According to the report, epidemiological investigations identified unsafe blood transfusions and contaminated injection practices as the two major drivers of the outbreak, each accounting for nearly half of the reported infections.
The inquiry documented widespread deficiencies in blood safety systems, including inadequate donor screening, use of non-validated rapid diagnostic kits, weak oversight of blood banks and inadequate regulation of informal healthcare providers.
Investigators also reported widespread reuse of disposable syringes, irrational use of therapeutic injections and intravenous drips, poor sterilization practices, weak infection prevention and control measures, and inadequate monitoring of private healthcare facilities and informal practitioners.
The report warns that the Taunsa outbreak is not an isolated event but part of a recurring pattern of healthcare-associated HIV outbreaks reported across Pakistan over the past two decades.

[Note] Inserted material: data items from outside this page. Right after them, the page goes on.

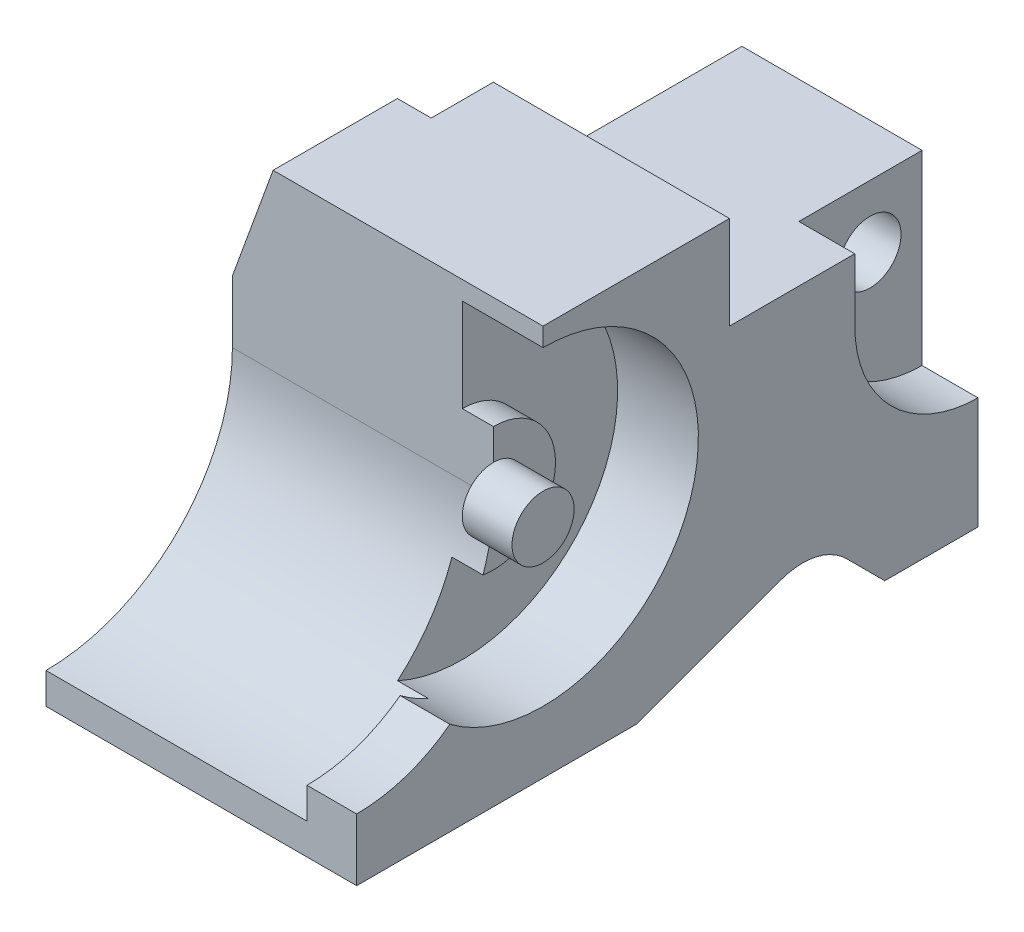
SolidWorks part; units mm, degrees
material "Copper"
ref_plane "Front Plane" through (0, 0, 0) normal (0, 0, 1) x (1, 0, 0)
ref_plane "Top Plane" through (0, 0, 0) normal (0, 1, 0) x (1, 0, 0)
ref_plane "Right Plane" through (0, 0, 0) normal (1, 0, 0) x (0, 0, -1)
sketch "Sketch1" plane through (0, 0, 0) normal (1, 0, 0) x (0, 0, -1)
  line L1 (-43.3502, 37.7485) -> (56.6498, 37.7485)
  line L2 (-43.3502, 37.7485) -> (-43.3502, -25.2515)
  line L3 (-43.3502, -25.2515) -> (56.6498, -25.2515)
  line L4 (56.6498, 37.7485) -> (56.6498, -25.2515)
  dimension "D1" = 100
  dimension "D2" = 63
extrude "Boss-Extrude1" add sketch "Sketch1" against normal blind 50
sketch "Sketch2" plane through (0, 37.7485, 0) normal (0, 1, 0) x (1, 0, 0)
  line L0 (0, 56.6498) -> (0, -43.3502) construction
  line L1 (-50, 56.6498) -> (0, 56.6498)
  line L2 (-50, 56.6498) -> (-50, 16.6498)
  line L3 (-50, 16.6498) -> (0, 16.6498)
  line L4 (0, 56.6498) -> (0, 16.6498)
  dimension "D1" = 40
extrude "Cut-Extrude1" cut sketch "Sketch2" against normal blind 15
sketch "Sketch3" plane through (0, 37.7485, 0) normal (0, 1, 0) x (1, 0, 0)
  line L1 (-50, 16.6498) -> (-38, 16.6498)
  line L2 (-50, 16.6498) -> (-50, 6.6498)
  line L3 (-50, 6.6498) -> (-38, 6.6498)
  line L4 (-38, 16.6498) -> (-38, 6.6498)
  dimension "D1" = 10
  dimension "D2" = 12
extrude "Cut-Extrude2" cut sketch "Sketch3" against normal blind 15
sketch "Sketch4" plane through (0, 0, 0) normal (1, 0, 0) x (0, 0, -1)
  line L0 (36.8141, 22.7485) -> (36.8141, 12.7485)
  line L1 (16.6498, 22.7485) -> (56.6498, 22.7485) construction
  line L2 (56.6498, -25.2515) -> (56.6498, 22.7485) construction
  line L3 (36.8141, 22.7485) -> (56.6498, 22.7485)
  line L4 (56.6498, 22.7485) -> (56.6498, -7.2508)
  arc A0 (36.8141, 12.7485) -> (56.6498, -7.2508) centre (56.8141, 12.7485) ccw
  dimension "D1" = 20
  dimension "D2" = 10
extrude "Cut-Extrude3" cut sketch "Sketch4" against normal blind 9
sketch "Sketch5" plane through (-9, 0, 0) normal (1, 0, 0) x (0, 0, -1)
  line L0 (56.6498, 22.7485) -> (36.8141, 22.7485) construction
  circle A0 centre (48.2591, 12.7485) radius 5
  dimension "D2" = 10
  dimension "D1" = 10
extrude "Cut-Extrude4" cut sketch "Sketch5" against normal through all
sketch "Sketch6" plane through (0, 0, 0) normal (1, 0, 0) x (0, 0, -1)
  line L0 (41.6498, -25.2515) -> (35.4807, -19.0824)
  line L1 (-43.3502, -25.2515) -> (56.6498, -25.2515) construction
  line L2 (24.9894, -16.7566) -> (1.6498, -25.2515)
  line L3 (56.6498, -25.2515) -> (56.6498, -7.2508) construction
  line L4 (1.6498, -25.2515) -> (41.6498, -25.2515)
  arc A0 (35.4807, -19.0824) -> (24.9894, -16.7566) centre (28.4096, -26.1535) ccw
  dimension "D3" = 10
  dimension "D1" = 15
  dimension "D2" = 45
  dimension "D4" = 20
  dimension "D5" = 40
extrude "Cut-Extrude5" cut sketch "Sketch6" against normal through all
sketch "Sketch8" plane through (-50, 0, 0) normal (-1, 0, 0) x (0, 0, 1)
  line L0 (64.957, 9.7485) -> (18.0256, 9.7485) construction
  line L1 (43.3502, -25.2515) -> (-1.6498, -25.2515) construction
  line L3 (43.3502, 9.7485) -> (43.3502, -20.2515)
  line L4 (13.3502, 37.7485) -> (43.3502, 37.7485)
  line L7 (13.3502, 9.7485) -> (13.3502, 37.7485)
  line L8 (43.3502, 9.7485) -> (13.3502, 9.7485)
  line L10 (13.3502, 37.7485) -> (36.7988, 37.7485)
  line L11 (-24.9894, -16.7566) -> (-1.6498, -25.2515)
  line L12 (-1.6498, -25.2515) -> (43.3502, -25.2515)
  line L16 (-6.6498, 22.7485) -> (-56.6498, 22.7485)
  line L17 (-56.6498, 22.7485) -> (-56.6498, -25.2515)
  line L18 (-56.6498, -25.2515) -> (-41.6498, -25.2515)
  line L19 (-41.6498, -25.2515) -> (-35.4807, -19.0824)
  line L20 (-24.9894, -16.7566) -> (-1.6498, -25.2515)
  line L25 (-6.6498, 22.7485) -> (-56.6498, 22.7485)
  line L26 (-56.6498, 22.7485) -> (-56.6498, -25.2515)
  line L27 (-56.6498, -25.2515) -> (-41.6498, -25.2515)
  line L28 (-41.6498, -25.2515) -> (-35.4807, -19.0824)
  line L36 (-1.6498, -25.2515) -> (43.3502, -25.2515)
  line L37 (43.3502, -25.2515) -> (43.3502, 37.7485)
  line L38 (43.3502, -25.2515) -> (43.3502, 37.7485)
  line L39 (43.3502, 37.7485) -> (-6.6498, 37.7485)
  line L40 (43.3502, 37.7485) -> (-6.6498, 37.7485)
  line L41 (-6.6498, 37.7485) -> (-6.6498, 22.7485)
  line L42 (-6.6498, 37.7485) -> (-6.6498, 22.7485)
  arc A0 (43.3502, -20.2515) -> (13.3502, 9.7485) centre (43.3502, 9.7485) cw
  arc A1 (-24.9894, -16.7566) -> (-35.4807, -19.0824) centre (-28.4096, -26.1535) ccw
  arc A2 (-24.9894, -16.7566) -> (-35.4807, -19.0824) centre (-28.4096, -26.1535) ccw
  point P4 (43.3502, 9.7485)
  line M19 (43.3502, -25.2515) -> (43.3502, 37.7485)
  line M20 (43.3502, 37.7485) -> (-6.6498, 37.7485)
  dimension "D3" = 30
  dimension "D1" = 35
  dimension "D2" = 0
extrude "Cut-Extrude6" cut sketch "Sketch8" against normal blind 42 contours A0 M19 region at (-50, -2.9839, 30.6178)
extrude "Cut-Extrude10" cut sketch "Sketch8<5>" against normal through all contours L8 L4 L7 M19 M20 region at (-50, 23.7485, 28.3502)
sketch "Sketch8<5>" plane through (-50, 0, 0) normal (-1, 0, 0) x (0, 0, 1) same geometry as "Sketch8"
sketch "Sketch11" plane through (0, 0, 0) normal (1, 0, 0) x (0, 0, -1)
  line L0 (-57.8609, 9.7485) -> (20.197, 9.7485) construction
  line L1 (-43.3502, -25.2515) -> (1.6498, -25.2515) construction
  line L2 (-13.3502, 44.713) -> (-13.3502, -34.9577) construction
  line L5 (-13.3502, 19.7485) -> (-13.3502, 14.7485)
  line L16 (-13.3502, 9.7485) -> (-43.3502, 9.7485)
  line L17 (-13.3502, 37.7485) -> (-13.3502, 9.7485)
  line L18 (-13.3502, 9.7485) -> (-43.3502, 9.7485)
  line L19 (-43.3502, 9.7485) -> (-43.3502, -25.2515)
  line L20 (-43.3502, -25.2515) -> (1.6498, -25.2515)
  line L21 (1.6498, -25.2515) -> (24.9894, -16.7566)
  line L22 (35.4807, -19.0824) -> (41.6498, -25.2515)
  line L23 (41.6498, -25.2515) -> (56.6498, -25.2515)
  line L24 (56.6498, -25.2515) -> (56.6498, -7.2508)
  line L25 (36.8141, 12.7485) -> (36.8141, 22.7485)
  line L26 (36.8141, 22.7485) -> (16.6498, 22.7485)
  line L27 (16.6498, 22.7485) -> (16.6498, 37.7485)
  line L28 (16.6498, 37.7485) -> (-13.3502, 37.7485)
  line L29 (-13.3502, 37.7485) -> (-13.3502, 9.7485)
  line L31 (-43.3502, 9.7485) -> (-43.3502, -25.2515)
  line L32 (-43.3502, -25.2515) -> (1.6498, -25.2515)
  line L33 (1.6498, -25.2515) -> (24.9894, -16.7566)
  line L34 (35.4807, -19.0824) -> (41.6498, -25.2515)
  line L35 (41.6498, -25.2515) -> (56.6498, -25.2515)
  line L36 (56.6498, -25.2515) -> (56.6498, -7.2508)
  line L37 (36.8141, 12.7485) -> (36.8141, 22.7485)
  line L38 (36.8141, 22.7485) -> (16.6498, 22.7485)
  line L39 (16.6498, 22.7485) -> (16.6498, 37.7485)
  line L40 (16.6498, 37.7485) -> (-13.3502, 37.7485)
  circle A0 centre (-13.3502, 9.7485) radius 25
  arc A1 (-28.3502, -10.2515) -> (-43.3502, -15.2515) centre (-43.3502, 9.7485) cw
  circle A2 centre (-13.3502, 9.7485) radius 10
  circle A3 centre (-13.3502, 9.7485) radius 5
  arc A4 (35.4807, -19.0824) -> (24.9894, -16.7566) centre (28.4096, -26.1535) ccw
  arc A5 (36.8141, 12.7485) -> (56.6498, -7.2508) centre (56.8141, 12.7485) ccw
  arc A6 (35.4807, -19.0824) -> (24.9894, -16.7566) centre (28.4096, -26.1535) ccw
  arc A7 (36.8141, 12.7485) -> (56.6498, -7.2508) centre (56.8141, 12.7485) ccw
  point P10 (0, 0)
  point P11 (0, 0)
  point P14 (0, 0)
  point P15 (0, 0)
  line M4 (-13.3502, 37.7485) -> (-13.3502, 9.7485)
  line M6 (-43.3502, 9.7485) -> (-43.3502, -25.2515)
  dimension "D3" = 50
  dimension "D4" = 25
  dimension "D6" = 10
  dimension "D7" = 20
  dimension "D1" = 35
  dimension "D2" = 30
  dimension "D5" = 0
extrude "Cut-Extrude16" cut sketch "Sketch11" against normal blind 13 contours A2 L18 A0 L29 region at (0, 27.2485, 12.6431)
extrude "Cut-Extrude17" cut sketch "Sketch11<8>" against normal blind 8 contours A3 A2 M4 region at (0, 16.6196, 6.4792)
sketch "Sketch11<8>" plane through (0, 0, 0) normal (1, 0, 0) x (0, 0, -1) same geometry as "Sketch11"
extrude "Boss-Extrude5" add sketch "Sketch11<10>" against normal blind 8 contours A3 M4 region at (0, 11.8706, 15.4723)
sketch "Sketch11<10>" plane through (0, 0, 0) normal (1, 0, 0) x (0, 0, -1) same geometry as "Sketch11"
sketch "Sketch14" plane through (0, 0, 13.3502) normal (0, 0, 1) x (1, 0, 0)
  line L0 (-50, 19.7485) -> (-43.4485, 37.7485)
  line L3 (-50, 9.7485) -> (-50, 37.7485) construction
  line L4 (0, 37.7485) -> (-50, 37.7485) construction
  line L5 (-50, 19.7485) -> (-50, 37.7485)
  line L6 (-50, 37.7485) -> (-43.4485, 37.7485)
  dimension "D1" = 20
  dimension "D2" = 18
extrude "Cut-Extrude18" cut sketch "Sketch14" against normal up to surface (20 mm away) up to face at (-44, 30.2485, -6.6498)
extrude "Cut-Extrude22" cut sketch "Sketch11<11>" against normal up to surface (8 mm away) contours A1 A0 L18 M6 region at (0, -4.6455, 38.5473) up to face at (-8, -4.4076, 37.8741)
sketch "Sketch11<11>" plane through (0, 0, 0) normal (1, 0, 0) x (0, 0, -1) same geometry as "Sketch11"
sketch "Sketch16" plane through (0, 22.7485, 0) normal (0, 1, 0) x (1, 0, 0)
  line L1 (-38, 6.6498) -> (-50, 6.6498)
  line L2 (-38, 6.6498) -> (-38, 56.6498)
  line L3 (-38, 56.6498) -> (-50, 56.6498)
  line L4 (-50, 6.6498) -> (-50, 56.6498)
extrude "Cut-Extrude23" cut sketch "Sketch16" against normal through all

It recalls the 2019 HIV outbreak in Ratodero, Larkana, where more than 1,000 people, mostly children, tested positive for HIV. Similar outbreaks were also reported among dialysis patients at Nishtar Hospital Multan, while incidents in Jalalpur Jattan and Kot Imrana highlighted risks associated with unsafe injection practices, unlicensed healthcare providers and poor regulatory oversight.
According to the task force, these outbreaks collectively demonstrate persistent structural weaknesses in Pakistan’s healthcare system, including inadequate regulation of private healthcare facilities, weak infection prevention mechanisms, deficiencies in blood safety systems and ineffective enforcement against unsafe medical practices and quackery.
Among its major recommendations, the task force has proposed the establishment of a real-time national HIV surveillance dashboard integrating antiretroviral treatment centres, blood transfusion facilities, disease surveillance units and points of entry into a centralized national health data system.
It has also recommended a nationwide contact tracing and epidemiological investigation framework for newly diagnosed pediatric HIV cases, standardized digital case-linkage systems, cluster mapping protocols and stronger coordination between treatment centres, laboratories and disease surveillance authorities.
The report further calls for mandatory screening for HIV, hepatitis B and hepatitis C before surgical procedures and invasive medical interventions in both public and private healthcare facilities.
In a significant governance recommendation, the task force has urged the government to formally include HIV among Pakistan’s notifiable diseases and accelerate work on a National Public Health Law that would provide legal mechanisms for outbreak reporting, disease surveillance, accountability, inter-provincial data sharing and public health emergency response.
To oversee implementation of these reforms, the report proposes the immediate constitution of a National HIV Technical Working Group comprising epidemiologists, infectious disease experts, blood safety specialists, pediatric HIV experts and public health professionals.
The proposed body would provide technical guidance, review progress, identify implementation bottlenecks and submit regular reports to the Prime Minister’s Office and the Ministry of National Health Services.
The task force has also recommended stricter regulation of syringes and medical devices, nationwide market surveillance to eliminate unregistered products, expansion of auto-disable syringe use, stronger regulation of blood banks, improved hospital waste management systems and nationwide public awareness campaigns on injection safety and HIV prevention.
The task force warned that repeated HIV outbreaks among children and low-risk populations demonstrate that Pakistan’s HIV challenge extends beyond traditional high-risk groups and reflects deeper failures in healthcare regulation and infection control. Without coordinated national reforms, it warns, the country will remain vulnerable to recurring and preventable healthcare-associated HIV outbreaks affecting children and communities across Pakistan.